Il y a huit ans, les patrouilleurs Patrick Guay et Pierre-Luc Furlotte auraient forcé Tobie-Charles Angers Levasseur à monter dans leur voiture pour l’amener à l’extérieur de l’île de Montréal. L’itinérant aurait été contraint de rentrer à Montréal par ses propres moyens.

Une première enquête interne avait eu lieu après les événements, mais elle n’avait pas donné de résultats. Une deuxième enquête a été entreprise par l’équipe d’enquête mixte, qui a pour mandat d’enquêter sur des allégations criminelles visant des policiers ou membres civils du SPVM.

Dès la reprise de l’enquête, les deux policiers ont été affectés à des tâches administratives. Ils sont maintenant suspendus avec salaire pour la durée des procédures judiciaires.

Le porte-parole du SPVM, Ian Lafrenière, a affirmé que le corps policier était «attristé» par cette affaire.

«C’est un drôle de hasard, mais nous sommes en pleine formation avec l’ensemble de nos policiers concernant le travail que nous faisons auprès des personnes vulnérables, pour savoir comment agir avec les itinérants, les membres des Premières Nations et éviter de faire du profilage, a-t-il expliqué. Alors nous sommes très peinés de ce qui est arrivé aujourd’hui.»

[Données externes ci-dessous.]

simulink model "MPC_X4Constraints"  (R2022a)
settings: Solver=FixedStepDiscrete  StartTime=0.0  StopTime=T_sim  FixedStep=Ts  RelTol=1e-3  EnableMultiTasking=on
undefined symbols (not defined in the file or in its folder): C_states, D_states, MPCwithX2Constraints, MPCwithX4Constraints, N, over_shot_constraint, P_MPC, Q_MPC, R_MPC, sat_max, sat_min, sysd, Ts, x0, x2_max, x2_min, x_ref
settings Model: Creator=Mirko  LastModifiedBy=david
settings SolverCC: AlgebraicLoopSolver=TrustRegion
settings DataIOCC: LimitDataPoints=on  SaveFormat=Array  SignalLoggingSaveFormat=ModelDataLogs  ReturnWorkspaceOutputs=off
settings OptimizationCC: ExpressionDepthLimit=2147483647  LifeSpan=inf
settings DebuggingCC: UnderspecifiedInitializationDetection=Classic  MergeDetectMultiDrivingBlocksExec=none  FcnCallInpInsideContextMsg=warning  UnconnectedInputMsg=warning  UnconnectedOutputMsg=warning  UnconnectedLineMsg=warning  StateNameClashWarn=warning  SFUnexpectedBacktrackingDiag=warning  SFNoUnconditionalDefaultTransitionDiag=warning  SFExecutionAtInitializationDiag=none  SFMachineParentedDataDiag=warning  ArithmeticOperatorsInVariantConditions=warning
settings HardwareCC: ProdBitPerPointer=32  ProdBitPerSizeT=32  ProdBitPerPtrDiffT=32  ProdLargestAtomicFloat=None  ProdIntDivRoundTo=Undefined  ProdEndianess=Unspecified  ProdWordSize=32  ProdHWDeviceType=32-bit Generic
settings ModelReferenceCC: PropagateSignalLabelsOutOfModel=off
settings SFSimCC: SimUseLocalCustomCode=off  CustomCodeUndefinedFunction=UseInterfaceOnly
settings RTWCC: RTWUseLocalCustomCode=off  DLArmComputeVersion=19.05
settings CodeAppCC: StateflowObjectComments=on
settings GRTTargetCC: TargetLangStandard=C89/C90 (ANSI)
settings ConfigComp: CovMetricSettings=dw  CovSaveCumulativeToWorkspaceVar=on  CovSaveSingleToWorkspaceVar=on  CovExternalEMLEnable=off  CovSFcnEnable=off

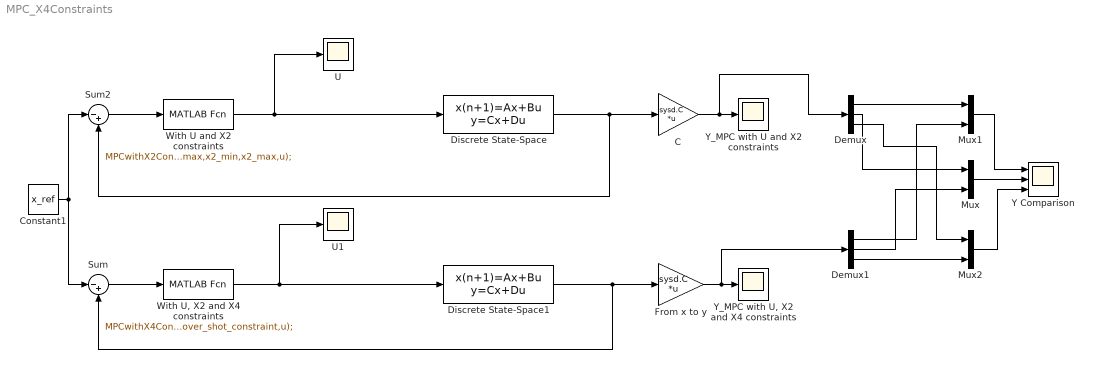
== system MPC_X4Constraints ==
  C : Gain  Gain=sysd.C  Multiplication=Matrix(K*u)
  Constant1 : Constant  Value=x_ref
  Demux : Demux  Outputs=3
  Demux1 : Demux  Outputs=3
  Discrete State-Space : DiscreteStateSpace  A=sysd.A  B=sysd.B  C=C_states  D=D_states  InitialCondition=x0  SampleTime=Ts
  Discrete State-Space1 : DiscreteStateSpace  A=sysd.A  B=sysd.B  C=C_states  D=D_states  InitialCondition=x0  SampleTime=Ts
  From x to y : Gain  Gain=sysd.C  Multiplication=Matrix(K*u)
  Mux : Mux  Inputs=2
  Mux1 : Mux  Inputs=2
  Mux2 : Mux  Inputs=2
  Sum : Sum  Inputs=|-+
  Sum2 : Sum  Inputs=|-+
  U : Scope
  U1 : Scope
  With U and X2 constraints : MATLABFcn  MATLABFcn=MPCwithX2Constraints(sysd.A,sysd.B,Q_MPC,R_MPC,P_MPC,N,sat_min,sat_max,x2_min,x2_max,u);  OutputDimensions=1
  "With U, X2 and X4 constraints" : MATLABFcn  MATLABFcn=MPCwithX4Constraints(sysd.A,sysd.B,Q_MPC,R_MPC,P_MPC,N,sat_min,sat_max,x2_min,x2_max,sign(x0(4)),over_shot_constraint,u);  OutputDimensions=1
  Y Comparison : Scope  NumInputPorts=3
  Y_MPC with U and X2 constraints : Scope
  "Y_MPC with U, X2 and X4 constraints" : Scope
  wires:
  Discrete State-Space1/1 -> Sum/2, From x to y/1
  Sum/1 -> "With U, X2 and X4 constraints"/1
  From x to y/1 -> "Y_MPC with U, X2 and X4 constraints"/1, Demux1/1
  "With U, X2 and X4 constraints"/1 -> Discrete State-Space1/1, U1/1
  With U and X2 constraints/1 -> Discrete State-Space/1, U/1
  Sum2/1 -> With U and X2 constraints/1
  Discrete State-Space/1 -> C/1, Sum2/2
  Demux/1 -> Mux1/1
  Mux1/1 -> Y Comparison/1
  Demux1/1 -> Mux1/2
  Demux/2 -> Mux/1
  Demux1/2 -> Mux/2
  Demux1/3 -> Mux2/2
  Demux/3 -> Mux2/1
  Mux2/1 -> Y Comparison/3
  Mux/1 -> Y Comparison/2
  C/1 -> Y_MPC with U and X2 constraints/1, Demux/1
  Constant1/1 -> Sum/1, Sum2/1

M. Lafrenière a précisé que les deux policiers visés avaient moins de cinq ans d’expérience au moment des faits allégués et qu’ils n’étaient pas considérés comme des employés problématiques.

Aussi dans National :

Nous utilisons maintenant la plateforme de commentaires Facebook Comments sur notre site web. Grâce à celle-ci, vous pourrez laisser vos commentaires par l’entremise de votre compte Facebook directement sous les articles sur notre site web. Pour ceux qui ne sont pas membres du réseau social, nous vous invitons à faire vos commentaires via l’adresse courriel opinions@journalmetro.com. Merci de nous lire!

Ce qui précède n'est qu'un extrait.